*** Begin section ***

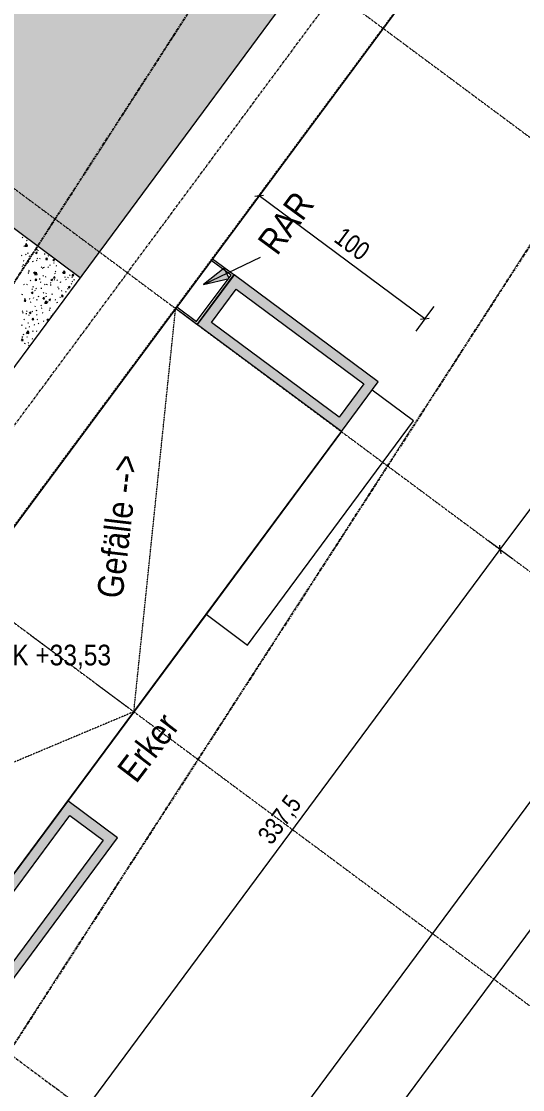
# Model space of a CAD drawing. Header units: centimetres. Extents: x -4512 to 25286, y -2765 to 13485.
# Drawn here: x 21522 to 21764, y 10603 to 11120 of the extents above; entities that cross this region are included whole.
import ezdxf

# ---------------------------------------------------------------- set-up
doc = ezdxf.new("R2010")
doc.units = ezdxf.units.CM
for name, pattern in [('_Referenzebene_', [0.6, 0.4, -0.1, 0, -0.1]), ('DB_Strichpunkt', [0.28, 0.15, -0.065, 0, -0.065]), ('Grundgrenze', [0.9, 0.4, -0.1, 0.1, -0.1, 0.1, -0.1]), ('Rasterlinie', [2.2225, 1.27, -0.3175, 0.3175, -0.3175]), ('Verdeckt 0_5', [0.10584, 0.05292, -0.05292])]:
    doc.linetypes.add(name, pattern=pattern)
for name, color, linetype, lineweight in [('A-ANNO-DIMS', 7, 'Continuous', 5), ('A-ANNO-DIMS-50', 7, 'Continuous', 5), ('A-FLOR', 7, 'Continuous', 9), ('A-FLOR-PATT', 7, 'Continuous', 9), ('A-GENM', 7, 'Continuous', 9), ('A-GLAZ-CWMG', 7, 'Continuous', 9), ('A-WALL', 7, 'Continuous', 9), ('G-ANNO-DIMS', 7, 'Continuous', 5), ('Q-SPCQ', 7, 'Continuous', 9), ('S-GRID', 7, 'Continuous', 5), ('Text', 7, 'Continuous', 5)]:
    doc.layers.add(name, color=color, linetype=linetype, lineweight=lineweight)
doc.layers.add('A-DETL', color=251, linetype='Continuous', lineweight=9, true_color=0x4f4f4f)
doc.layers.add('C-PROP-LINE', color=96, linetype='Grundgrenze', lineweight=25, true_color=0x008000)
doc.styles.add('Arial Unicode MS_1', font='ARIALUNI.ttf', dxfattribs={"width": 0.85, "height": 10})
doc.styles.add('Arial Unicode MS_3', font='ARIALUNI.ttf', dxfattribs={"width": 0.8, "height": 9})
doc.styles.add('Arial Unicode MS_4', font='ARIALUNI.ttf', dxfattribs={"width": 0.85, "height": 12.5})
doc.dimstyles.new('M_1_100', dxfattribs={"dimscale": 30.48, "dimtxt": 9.052604, "dimasz": 0.098425, "dimexe": 0.246063, "dimexo": 0.0625, "dimgap": 0.032808, "dimtad": 1, "dimdec": 1, "dimrnd": 0.5, "dimdsep": 46, "dimtxsty": 'Arial Unicode MS_3', "dimblk1": 'OBLIQUE', "dimblk2": 'OBLIQUE', "dimsah": 1, "dimcen": 0.09, "dimazin": 0, "dimtfac": 1, "dimtdec": 4, "dimtix": 1, "dimtmove": 0, "dimatfit": 3, "dimfxl": 0.246063, "dimfxlon": 1, "dimtvp": 1, "dimtolj": 1, "dimtzin": 0, "dimlwd": 13, "dimlwe": 13, "dimarcsym": 2})

# ---------------------------------------------------------------- blocks, each defined once
blk = doc.blocks.new('Rechteckiger Pfosten - 100x120-9620032-DD - FOK AF 300')
at = {"layer": 'A-GLAZ-CWMG'}
blk.add_line((34597.76, 10379.73), (34528.95, 10286.96), dxfattribs=at)
blk = doc.blocks.new('Rechteckiger Pfosten - 100x120-9620033-DD - FOK AF 300')
at = {"layer": 'A-GLAZ-CWMG'}
blk.add_line((34465.49, 10201.43), (34396.68, 10108.67), dxfattribs=at)
blk = doc.blocks.new('Rechteckiger Pfosten - 100x120-9620021-DD - FOK AF 300')
at = {"layer": 'A-GLAZ-CWMG'}
blk.add_line((34528.95, 10286.96), (34465.49, 10201.43), dxfattribs=at)
blk = doc.blocks.new('HNP_Pflanztog - Planztrog mit Boden-V18-DD - FOK AF 300')
at = {"layer": 'Q-SPCQ', "true_color": 0xcbcbcb}
h = blk.add_hatch(color=9, dxfattribs=at)
h.paths.add_polyline_path([(30, 0), (30, 145), (0, 145), (0, 0), (28.71, 0)])
h.paths.add_polyline_path([(25, 5), (5, 5), (5, 140), (25, 140), (25, 5.02)])
at = {"layer": 'Q-SPCQ', "lineweight": 5}
for p, q in [((30, 145), (0, 145)), ((30, 0), (30, 145)), ((5, 5), (5, 140)), ((5, 140), (25, 140)), ((25, 140), (25, 5)), ((0, 30), (0, 0)), ((0, 0), (30, 0)), ((25, 5), (5, 5))]:
    blk.add_line(p, q, dxfattribs=at)
blk = doc.blocks.new('HNP_Pflanztog - Planztrog mit Boden-19684074-DD - FOK AF 300')
at = {"layer": 'Q-SPCQ', "true_color": 0xcbcbcb}
h = blk.add_hatch(color=9, dxfattribs=at)
h.paths.add_polyline_path([(0, 0), (30, 0), (30, 87), (0, 86.99), (0, 0)])
h.paths.add_polyline_path([(5, 5), (5, 82), (25, 82), (24.96, 5), (6.74, 5)])
at = {"layer": 'Q-SPCQ', "lineweight": 5}
for p, q in [((30, 87), (0, 87)), ((30, 0), (30, 87)), ((5, 5), (5, 82)), ((5, 82), (25, 82)), ((25, 82), (25, 5)), ((0, 0), (30, 0)), ((25, 5), (5, 5))]:
    blk.add_line(p, q, dxfattribs=at)
blk = doc.blocks.new('FP_53-DD - FOK AF 300')
at = {"layer": 'A-FLOR-PATT', "color": 8, "lineweight": 5, "true_color": 0x787878}
for p, q in [((34845.36, 11015.66), (34845.62, 11015.98)), ((34847.34, 11014.46), (34847.7, 11014.25)), ((34846.13, 11011.49), (34846.39, 11011.81)), ((34846.68, 11011.54), (34847.41, 11012.76)), ((34846.68, 11011.54), (34847.81, 11011.61)), ((34847.1, 11012.69), (34847.49, 11012.83)), ((34847.8, 11011.59), (34847.41, 11012.74)), ((34852.46, 11009.79), (34852.85, 11009.93)), ((34853.01, 11009.56), (34853.28, 11009.88)), ((34844.95, 11007.09), (34845.34, 11007.23)), ((34845.73, 11004.59), (34846.12, 11004.44)), ((34846.89, 11007.33), (34847.16, 11007.65)), ((34847.82, 11003.98), (34848.25, 11004.82)), ((34847.94, 11008.17), (34848.33, 11008.31)), ((34848.56, 11004.07), (34848.25, 11004.81)), ((34848.48, 11006.94), (34848.84, 11006.73)), ((34849.39, 11006.83), (34849.78, 11006.68)), ((34850.31, 11004.19), (34850.7, 11004.33)), ((34851.69, 11008.26), (34852.48, 11008.78)), ((34851.69, 11008.26), (34852.39, 11007.97)), ((34852.03, 11004.85), (34852.39, 11004.64)), ((34852.35, 11005.72), (34852.74, 11005.57)), ((34852.39, 11007.96), (34852.48, 11008.77)), ((34853.78, 11005.39), (34854.04, 11005.71)), ((34856.01, 11007.96), (34856.4, 11007.81)), ((34856.8, 11005.1), (34857.24, 11005.94)), ((34856.8, 11005.1), (34857.55, 11005.19)), ((34857.55, 11005.18), (34857.24, 11005.93)), ((34857.84, 11006.89), (34858.23, 11007.03)), ((34858.97, 11006.85), (34859.29, 11006.73)), ((34860.14, 11004.83), (34860.92, 11005.35)), ((34860.14, 11004.83), (34860.84, 11004.55)), ((34860.84, 11004.54), (34860.92, 11005.34)), ((34845.14, 11002.07), (34845.5, 11001.85)), ((34845.79, 11002.57), (34846.18, 11002.71)), ((34847.66, 11003.16), (34847.93, 11003.48)), ((34847.82, 11003.98), (34848.56, 11004.08)), ((34848.34, 10999.99), (34848.73, 10999.84)), ((34848.43, 10999), (34848.7, 10999.31)), ((34850.7, 10998.61), (34851.49, 10999.13)), ((34851.4, 10998.31), (34851.49, 10999.12)), ((34854.55, 11001.23), (34854.81, 11001.55)), ((34854.97, 11001.12), (34855.36, 11000.97)), ((34855.7, 11001.3), (34856.09, 11001.44)), ((34857.69, 11001.51), (34858.05, 11001.3)), ((34858.68, 11002.37), (34859.07, 11002.51)), ((34860.58, 11003.35), (34860.84, 11003.67)), ((34861.35, 10999.19), (34861.61, 10999.51)), ((34861.59, 11002.25), (34861.98, 11002.1)), ((34865.02, 10998.5), (34865.75, 10999.71)), ((34866.15, 10998.55), (34865.75, 10999.7)), ((34848.16, 10998.6), (34848.55, 10998.74)), ((34849.2, 10994.83), (34849.47, 10995.15)), ((34850.7, 10998.61), (34851.4, 10998.33)), ((34850.8, 10998.73), (34851.16, 10998.52)), ((34851.45, 10997.74), (34852.18, 10998.95)), ((34851.45, 10997.74), (34852.58, 10997.81)), ((34851.6, 10995.01), (34852.03, 10995.85)), ((34851.6, 10995.01), (34852.35, 10995.11)), ((34852.34, 10995.09), (34852.03, 10995.84)), ((34852.58, 10997.79), (34852.18, 10998.94)), ((34853.55, 10995.71), (34853.94, 10995.85)), ((34853.98, 10994.26), (34854.38, 10994.12)), ((34855.32, 10997.06), (34855.58, 10997.38)), ((34856.54, 10996.78), (34856.93, 10996.92)), ((34858.83, 10994), (34859.19, 10993.79)), ((34859.15, 10995.19), (34859.93, 10995.71)), ((34859.15, 10995.19), (34859.85, 10994.9)), ((34859.85, 10994.89), (34859.93, 10995.7)), ((34860.58, 10996.13), (34861.33, 10996.22)), ((34860.59, 10996.13), (34861.02, 10996.97)), ((34860.61, 10995.39), (34861, 10995.25)), ((34861.33, 10996.21), (34861.02, 10996.96)), ((34861.05, 10998.4), (34861.44, 10998.54)), ((34862.12, 10995.03), (34862.38, 10995.34)), ((34863.57, 10994.28), (34863.96, 10994.13)), ((34865.02, 10998.5), (34866.15, 10998.57)), ((34865.72, 10996.78), (34866.08, 10996.57)), ((34866.44, 10995.51), (34866.83, 10995.64)), ((34867.23, 10996.52), (34867.62, 10996.37)), ((34868.29, 10997.32), (34868.56, 10997.64)), ((34869.27, 10994.68), (34869.63, 10994.47)), ((34869.42, 10996.57), (34869.81, 10996.71)), ((34869.57, 10997.24), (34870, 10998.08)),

*** End section ***

Task objective: Copy out all lines from the material above that contain the string "units".

Expected answer:
# Model space of a CAD drawing. Header units: centimetres. Extents: x -4512 to 25286, y -2765 to 13485.
doc.units = ezdxf.units.CM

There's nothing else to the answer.